To complete the MMIX program, it suffices to implement $\mathsf{GEN}(m)$ as a procedure with a loop variable $i$, a stack or register-based parameter $m$, and a swap routine. Let register conventions be chosen so that $rA$ points to $X[0]$, $rM$ holds $m$, and $rI$ is the loop index.
The inner loop referenced in (42) is the visit operation; in MMIX it is implemented as a single call or macro at the point where a full permutation is available, i.e., immediately after the recursive descent reaches $m=1$ or after each swap-return boundary depending on the formulation of (42). In Heap’s method, this corresponds to executing the visit exactly once per completed activation of $\mathsf{GEN}(n)$.
A complete iterative MMIX implementation of Heap’s method can be written using an explicit stack of sizes and indices. Let register $r0$ store $n$, $r1$ store current $m$, $r2$ store $i$, $r3$ store base address of $X$, and $r4$ be temporary for swapping.

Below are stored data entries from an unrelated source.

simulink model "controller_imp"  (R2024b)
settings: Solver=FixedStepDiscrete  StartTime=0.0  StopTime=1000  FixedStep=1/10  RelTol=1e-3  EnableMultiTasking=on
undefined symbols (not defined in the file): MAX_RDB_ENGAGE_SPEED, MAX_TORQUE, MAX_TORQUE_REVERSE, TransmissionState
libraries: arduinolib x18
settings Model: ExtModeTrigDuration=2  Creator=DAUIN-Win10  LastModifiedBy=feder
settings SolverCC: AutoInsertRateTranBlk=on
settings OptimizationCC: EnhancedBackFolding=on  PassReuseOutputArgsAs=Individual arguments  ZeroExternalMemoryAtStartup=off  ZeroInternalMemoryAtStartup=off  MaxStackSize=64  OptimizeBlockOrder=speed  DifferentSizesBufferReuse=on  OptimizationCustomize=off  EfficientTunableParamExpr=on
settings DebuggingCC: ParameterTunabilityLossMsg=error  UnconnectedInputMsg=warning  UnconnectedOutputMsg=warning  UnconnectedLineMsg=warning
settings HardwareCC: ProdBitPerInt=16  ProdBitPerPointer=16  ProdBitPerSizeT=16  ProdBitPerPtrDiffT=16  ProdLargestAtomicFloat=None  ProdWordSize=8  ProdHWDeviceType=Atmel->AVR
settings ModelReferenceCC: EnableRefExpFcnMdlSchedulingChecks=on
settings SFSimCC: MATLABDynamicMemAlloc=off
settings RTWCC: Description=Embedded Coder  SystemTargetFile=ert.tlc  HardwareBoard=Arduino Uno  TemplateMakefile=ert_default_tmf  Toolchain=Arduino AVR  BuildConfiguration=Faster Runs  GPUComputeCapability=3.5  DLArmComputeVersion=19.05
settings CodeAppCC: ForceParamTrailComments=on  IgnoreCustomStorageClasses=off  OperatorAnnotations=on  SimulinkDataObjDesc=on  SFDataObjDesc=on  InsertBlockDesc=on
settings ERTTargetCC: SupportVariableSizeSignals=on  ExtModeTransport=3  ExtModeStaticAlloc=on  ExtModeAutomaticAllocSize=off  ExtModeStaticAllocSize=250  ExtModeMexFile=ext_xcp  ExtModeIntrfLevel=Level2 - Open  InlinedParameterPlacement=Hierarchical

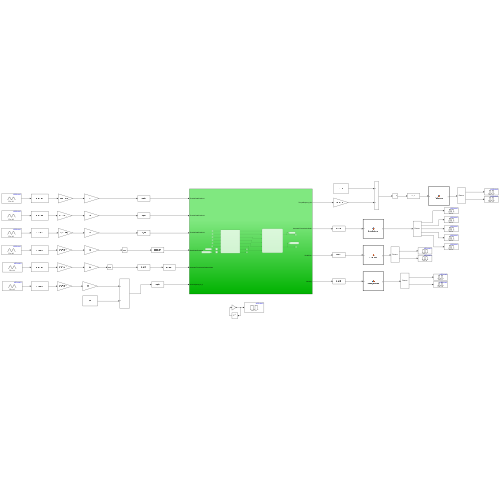
[thumbnail: Simulink's stored preview of the top-level diagram]
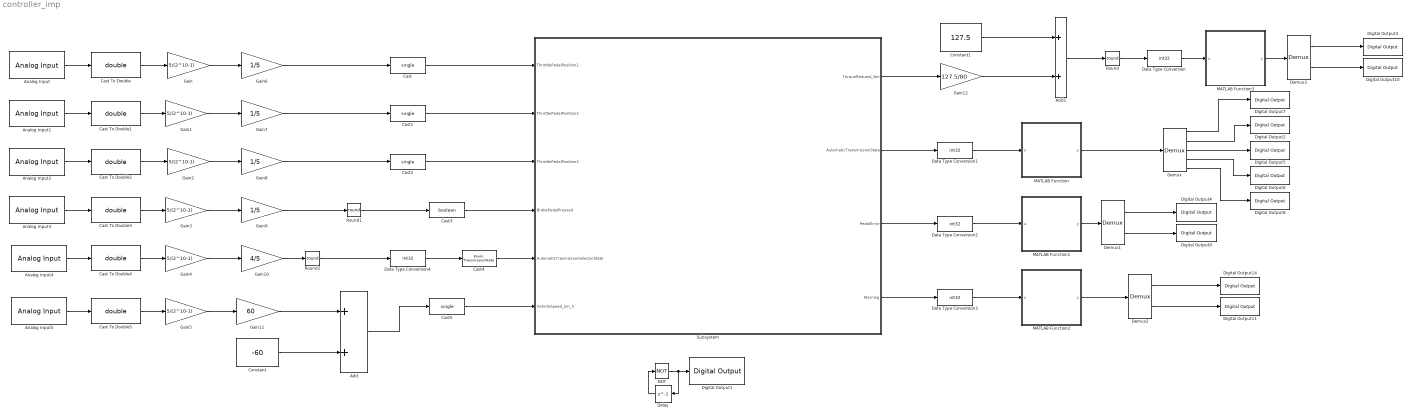
== system controller_imp ==
  Add : Sum
  Add1 : Sum
  Analog Input : arduinolib/Analog Input  pinNumber=1  ReadResultsOnly=off  ConversionTriggerSource=Software  ExternalTriggerType=uint32( 0 )  OutputDataType=uint16  EnableConversionCompleteNotify=off  EnableOuputStatus=off  SampleTime=-1  blockPlatform=arduino
      settings: SourceProductName=Common
  Analog Input1 : arduinolib/Analog Input  pinNumber=2  ReadResultsOnly=off  ConversionTriggerSource=Software  ExternalTriggerType=uint32( 0 )  OutputDataType=uint16  EnableConversionCompleteNotify=off  EnableOuputStatus=off  SampleTime=-1  blockPlatform=arduino
      settings: SourceProductName=Common
  Analog Input2 : arduinolib/Analog Input  pinNumber=3  ReadResultsOnly=off  ConversionTriggerSource=Software  ExternalTriggerType=uint32( 0 )  OutputDataType=uint16  EnableConversionCompleteNotify=off  EnableOuputStatus=off  SampleTime=-1  blockPlatform=arduino
      settings: SourceProductName=Common
  Analog Input3 : arduinolib/Analog Input  pinNumber=0  ReadResultsOnly=off  ConversionTriggerSource=Software  ExternalTriggerType=uint32( 0 )  OutputDataType=uint16  EnableConversionCompleteNotify=off  EnableOuputStatus=off  SampleTime=-1  blockPlatform=arduino
      settings: SourceProductName=Common
  Analog Input4 : arduinolib/Analog Input  pinNumber=4  ReadResultsOnly=off  ConversionTriggerSource=Software  ExternalTriggerType=uint32( 0 )  OutputDataType=uint16  EnableConversionCompleteNotify=off  EnableOuputStatus=off  SampleTime=-1  blockPlatform=arduino
      settings: SourceProductName=Common
  Analog Input5 : arduinolib/Analog Input  pinNumber=5  ReadResultsOnly=off  ConversionTriggerSource=Software  ExternalTriggerType=uint32( 0 )  OutputDataType=uint16  EnableConversionCompleteNotify=off  EnableOuputStatus=off  SampleTime=-1  blockPlatform=arduino
      settings: SourceProductName=Common
  Cast{,1..2,5} (4 alike) : DataTypeConversion  OutDataTypeStr=single  SaturateOnIntegerOverflow=off  RndMeth=Floor
  Cast To Double{,1..5} (6 alike) : DataTypeConversion  OutDataTypeStr=double  SaturateOnIntegerOverflow=off  RndMeth=Floor
  Cast3 : DataTypeConversion  OutDataTypeStr=boolean  SaturateOnIntegerOverflow=off  RndMeth=Floor
  Cast4 : DataTypeConversion  OutDataTypeStr=Enum: TransmissionState  SaturateOnIntegerOverflow=off  RndMeth=Floor
  Constant : Constant  Value=-60
  Constant1 : Constant  Value=127.5  OutDataTypeStr=Inherit: Inherit via back propagation
  Data Type Conversion{,1..4} (5 alike) : DataTypeConversion  OutDataTypeStr=int32  SaturateOnIntegerOverflow=off  RndMeth=Floor
  Delay : Delay  DelayLength=1  InputProcessing=Columns as channels (frame based)
  Demux : Demux  Outputs=5
      settings: DisplayOption=none
  Demux1 : Demux  Outputs=2
      settings: DisplayOption=none
  Demux2 : Demux  Outputs=2
      settings: DisplayOption=none
  Demux3 : Demux  Outputs=2
      settings: DisplayOption=none
  Digital Output1 : arduinolib/Digital Output  pinNumber=13  Direction=output  blockPlatform=arduino
      settings: SourceProductName=Common
  Digital Output10 : arduinolib/Digital Output  pinNumber=12  Direction=output  blockPlatform=arduino
      settings: SourceProductName=Common
  Digital Output11 : arduinolib/Digital Output  pinNumber=10  Direction=output  blockPlatform=arduino
      settings: SourceProductName=Common
  Digital Output14 : arduinolib/Digital Output  pinNumber=9  Direction=output  blockPlatform=arduino
      settings: SourceProductName=Common
  Digital Output2 : arduinolib/Digital Output  pinNumber=3  Direction=output  blockPlatform=arduino
      settings: SourceProductName=Common
  Digital Output3 : arduinolib/Digital Output  pinNumber=11  Direction=output  blockPlatform=arduino
      settings: SourceProductName=Common
  Digital Output4 : arduinolib/Digital Output  pinNumber=7  Direction=output  blockPlatform=arduino
      settings: SourceProductName=Common
  Digital Output5 : arduinolib/Digital Output  pinNumber=4  Direction=output  blockPlatform=arduino
      settings: SourceProductName=Common
  Digital Output6 : arduinolib/Digital Output  pinNumber=5  Direction=output  blockPlatform=arduino
      settings: SourceProductName=Common
  Digital Output7 : arduinolib/Digital Output  pinNumber=2  Direction=output  blockPlatform=arduino
      settings: SourceProductName=Common
  Digital Output8 : arduinolib/Digital Output  pinNumber=6  Direction=output  blockPlatform=arduino
      settings: SourceProductName=Common
  Digital Output9 : arduinolib/Digital Output  pinNumber=8  Direction=output  blockPlatform=arduino
      settings: SourceProductName=Common
  Gain{,1..5} (6 alike) : Gain  Gain=5/(2^10-1)
  Gain10 : Gain  Gain=4/5
  Gain11 : Gain  Gain=60
  Gain12 : Gain  Gain=127.5/80
  Gain{6..9} (4 alike) : Gain  Gain=1/5
  MATLAB Function : MATLAB Function  TreatAsAtomicUnit=on
  MATLAB Function1 : MATLAB Function  TreatAsAtomicUnit=on
  MATLAB Function2 : MATLAB Function  TreatAsAtomicUnit=on
  MATLAB Function3 : MATLAB Function  TreatAsAtomicUnit=on
  NOT : Logic  Operator=NOT  IconShape=distinctive  AllPortsSameDT=off  OutDataTypeStr=boolean
  Round : Rounding  Operator=round
  Round1 : Rounding  Operator=round
  Round2 : Rounding  Operator=round
  Subsystem : Subsystem
  wires:
  Subsystem/3(PedalError) -> Data Type Conversion2/1
  Cast To Double1/1 -> Gain1/1
  Add1/1 -> Round/1
  NOT/1 -> Delay/1, Digital Output1/1
  Gain12/1 -> Add1/2
  Cast5/1 -> Subsystem/6(VehicleSpeed_km_h)
  MATLAB Function1/1(y) -> Demux1/1
  Subsystem/4(Warning) -> Data Type Conversion3/1
  Analog Input3/1 -> Cast To Double3/1
  Round/1 -> Data Type Conversion/1
  Gain5/1 -> Gain11/1
  Cast To Double5/1 -> Gain5/1
  Cast To Double/1 -> Gain/1
  Analog Input4/1 -> Cast To Double4/1
  MATLAB Function2/1(y) -> Demux2/1
  Gain/1 -> Gain6/1
  Round2/1 -> Data Type Conversion4/1
  Analog Input/1 -> Cast To Double/1
  Gain7/1 -> Cast1/1
  Analog Input5/1 -> Cast To Double5/1
  Cast2/1 -> Subsystem/3(ThrottlePedalPosition3)
  Round1/1 -> Cast3/1
  Demux/2 -> Digital Output2/1
  Add/1 -> Cast5/1
  Gain10/1 -> Round2/1
  Cast To Double3/1 -> Gain3/1
  Gain8/1 -> Cast2/1
  Gain4/1 -> Gain10/1
  Demux1/1 -> Digital Output4/1
  Cast4/1 -> Subsystem/5(AutomaticTrasmissionSelectorState)
  Demux/1 -> Digital Output7/1
  Demux/3 -> Digital Output5/1
  Gain1/1 -> Gain7/1
  Gain2/1 -> Gain8/1
  Constant1/1 -> Add1/1
  Analog Input2/1 -> Cast To Double2/1
  Data Type Conversion4/1 -> Cast4/1
  Cast To Double4/1 -> Gain4/1
  Subsystem/2(AutomaticTransmissionState) -> Data Type Conversion1/1
  Demux/5 -> Digital Output8/1
  Demux1/2 -> Digital Output9/1
  Cast1/1 -> Subsystem/2(ThrottlePedalPosition2)
  Cast3/1 -> Subsystem/4(BrakePedalPressed)
  Gain9/1 -> Round1/1
  MATLAB Function/1(y) -> Demux/1
  Data Type Conversion3/1 -> MATLAB Function2/1(u)
  Constant/1 -> Add/2
  Analog Input1/1 -> Cast To Double1/1
  Gain6/1 -> Cast/1
  Cast To Double2/1 -> Gain2/1
  Data Type Conversion1/1 -> MATLAB Function/1(u)
  Gain3/1 -> Gain9/1
  Subsystem/1(TorqueRequest_Nm) -> Gain12/1
  Data Type Conversion2/1 -> MATLAB Function1/1(u)
  Gain11/1 -> Add/1
  Demux2/2 -> Digital Output11/1
  Delay/1 -> NOT/1
  Cast/1 -> Subsystem/1(ThrottlePedalPosition1)
  Demux/4 -> Digital Output6/1
  Demux2/1 -> Digital Output14/1
  Data Type Conversion/1 -> MATLAB Function3/1(u)
  Demux3/2 -> Digital Output10/1
  Demux3/1 -> Digital Output3/1
  MATLAB Function3/1(y) -> Demux3/1

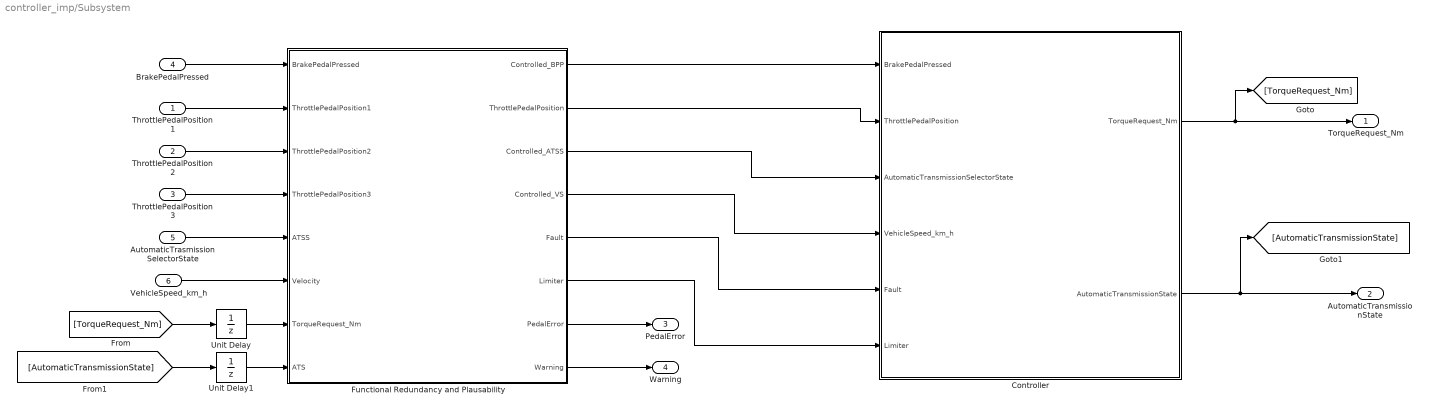
== system controller_imp/Subsystem ==
  ThrottlePedalPosition1 : Inport  OutDataTypeStr=single
  ThrottlePedalPosition2 : Inport  Port=2  OutDataTypeStr=single
  ThrottlePedalPosition3 : Inport  Port=3  OutDataTypeStr=single
  BrakePedalPressed : Inport  Port=4  OutDataTypeStr=boolean
  AutomaticTrasmissionSelectorState : Inport  Port=5  OutDataTypeStr=Enum: TransmissionState
  VehicleSpeed_km_h : Inport  Port=6  OutDataTypeStr=single  Unit=km/h
  Controller : Stateflow chart  TreatAsAtomicUnit=on
      settings: PortSchema="{\"entries\":[{\"content\":{\"sides\":[{\"content\":{\"connectorIds\":[\"In1\",\"In2\",\"In3\",\"In5\",\"In4\",\"In6\"]},\"type\":\"ConnectorPlacement.EquallySpacedRectSide\",\"uuid\":\"8299657d-0502-40c6-b0a0-94f373f4d980\"},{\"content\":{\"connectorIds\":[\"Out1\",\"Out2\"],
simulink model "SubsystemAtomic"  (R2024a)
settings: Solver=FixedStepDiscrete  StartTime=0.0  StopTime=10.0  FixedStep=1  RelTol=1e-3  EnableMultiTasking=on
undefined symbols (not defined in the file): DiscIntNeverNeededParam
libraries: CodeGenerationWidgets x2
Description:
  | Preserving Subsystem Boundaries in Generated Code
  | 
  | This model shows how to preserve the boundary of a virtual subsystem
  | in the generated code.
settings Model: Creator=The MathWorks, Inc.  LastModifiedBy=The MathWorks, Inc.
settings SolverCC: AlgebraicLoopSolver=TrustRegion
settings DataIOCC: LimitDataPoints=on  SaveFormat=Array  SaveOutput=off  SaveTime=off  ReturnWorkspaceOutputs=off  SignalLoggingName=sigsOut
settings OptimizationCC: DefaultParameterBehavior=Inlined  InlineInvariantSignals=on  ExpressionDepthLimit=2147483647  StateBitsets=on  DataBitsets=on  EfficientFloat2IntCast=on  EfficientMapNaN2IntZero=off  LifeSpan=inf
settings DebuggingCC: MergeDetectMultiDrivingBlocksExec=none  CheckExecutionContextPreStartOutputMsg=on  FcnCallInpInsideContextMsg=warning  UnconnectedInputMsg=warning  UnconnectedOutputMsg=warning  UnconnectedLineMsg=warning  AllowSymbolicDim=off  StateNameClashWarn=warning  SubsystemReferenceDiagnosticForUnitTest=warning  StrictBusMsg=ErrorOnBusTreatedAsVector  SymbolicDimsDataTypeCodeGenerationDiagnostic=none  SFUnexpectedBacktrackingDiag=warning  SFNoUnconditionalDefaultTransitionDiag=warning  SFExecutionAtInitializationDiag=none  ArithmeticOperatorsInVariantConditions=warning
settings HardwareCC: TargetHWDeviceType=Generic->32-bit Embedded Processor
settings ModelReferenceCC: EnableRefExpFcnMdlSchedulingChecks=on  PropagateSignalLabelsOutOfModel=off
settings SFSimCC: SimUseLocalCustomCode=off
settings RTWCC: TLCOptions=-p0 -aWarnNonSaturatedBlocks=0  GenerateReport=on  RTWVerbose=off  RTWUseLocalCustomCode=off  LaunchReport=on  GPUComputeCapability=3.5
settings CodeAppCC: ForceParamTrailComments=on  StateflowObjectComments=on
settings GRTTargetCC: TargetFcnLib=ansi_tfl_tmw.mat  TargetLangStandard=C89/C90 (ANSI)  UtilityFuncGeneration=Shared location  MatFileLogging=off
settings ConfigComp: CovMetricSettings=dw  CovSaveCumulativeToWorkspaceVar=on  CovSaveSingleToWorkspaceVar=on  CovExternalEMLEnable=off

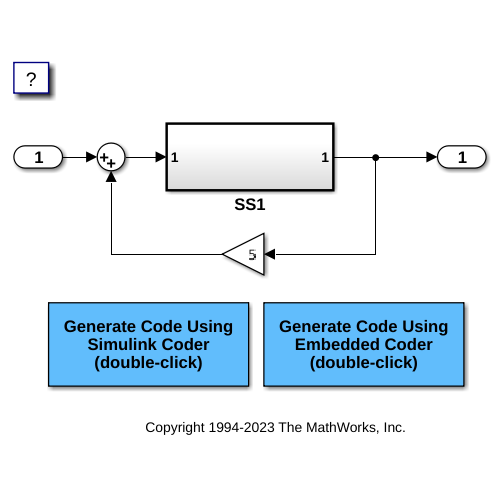
[thumbnail: Simulink's stored preview of the top-level diagram]
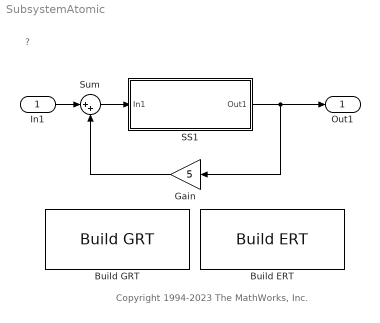
== system SubsystemAtomic ==
  note: Copyright 1994-2023 The MathWorks, Inc.
  note: ?
  In1 : Inport  OutDataTypeStr=double  PortDimensions=1  SampleTime=1
  Build ERT : CodeGenerationWidgets/Build ERT  attrib_overrides={}
  Build GRT : CodeGenerationWidgets/Build GRT  attrib_overrides={}
  Gain : Gain  Gain=5  SaturateOnIntegerOverflow=on  OutDataTypeStr=Inherit: Same as input  ParamDataTypeStr=Inherit: Same as input
  SS1 : Subsystem  TreatAsAtomicUnit=on  RTWFcnName=myfun  RTWFileName=myfile
      settings: RTWFcnNameOpts=User specified
  Sum : Sum  Inputs=|++
  Out1 : Outport  VectorParamsAs1DForOutWhenUnconnected=off
  wires:
  Sum/1 -> SS1/1(In1)
  In1/1 -> Sum/1
  SS1/1(Out1) -> Out1/1, Gain/1
  Gain/1 -> Sum/2

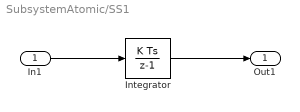
== system SubsystemAtomic/SS1 ==
  In1 : Inport
  Integrator : DiscreteIntegrator  ICPrevOutput=DiscIntNeverNeededParam  ICPrevScaledInput=DiscIntNeverNeededParam
  Out1 : Outport  VectorParamsAs1DForOutWhenUnconnected=off
  wires:
  In1/1 -> Integrator/1
  Integrator/1 -> Out1/1

The program is as follows.
LOC Data_Segment
X OCTA 0
N OCTA 0
LOC #100
Main LDO $0,N % r0 = n
SET $1,$0 % r1 = m = n
SET $2,0 % i = 0
% initialize X[0..n-1] = 0..n-1
SET $3,X
SET $4,0
InitLp CMP $5,$4,$0
PBNP $5,InitDone
STO $4,$3,0
ADD $3,$3,8
ADD $4,$4,1
JMP InitLp
InitDone
PUSHJ 0,GEN % call GEN(n)
TRAP 0,Halt,0
%%%%%%%%%%%%%%%%%%%%%%%%%%%%%%%%%%%%%%%%%%%%%%%%%%%%%%%%%%%%
% GEN(m): Heap's method
% r1 = m
%%%%%%%%%%%%%%%%%%%%%%%%%%%%%%%%%%%%%%%%%%%%%%%%%%%%%%%%%%%%
GEN BZ $1,Ret
CMP $5,$1,1
BZ $5,VisitOnly
SUB $1,$1,1
PUSHJ 0,GEN
ADD $1,$1,1
% if m is odd
AND $6,$1,1
BNZ $6,OddCase
EvenCase
% swap X[i] and X[m-1]
MUL $7,$2,8
MUL $8,$1,8
SUB $8,$8,8
LDO $9,X,$7
LDO $10,X,$8
STO $10,X,$7
STO $9,X,$8
ADD $2,$2,1
CMP $5,$2,$1
PBNP $5,GEN
SET $2,0
JMP GEN
OddCase
% swap X[0] and X[m-1]
MUL $8,$1,8
SUB $8,$8,8
LDO $9,X
LDO $10,X,$8
STO $10,X
STO $9,X,$8
JMP GEN
VisitOnly
% inner loop in (42): visit permutation X[0..n-1]
PUSHJ 0,Visit
RET
Ret RET
The correctness follows from the structure of Heap’s method (27), where the recursion ensures that $\mathsf{GEN}(m-1)$ exhausts all permutations of the prefix, and the parity-controlled swap ensures that each extension of size $m$ is generated exactly once without repetition. The inner loop from (42) is executed exactly at each leaf of the recursion tree, corresponding to a full permutation of $X[0..n-1]$.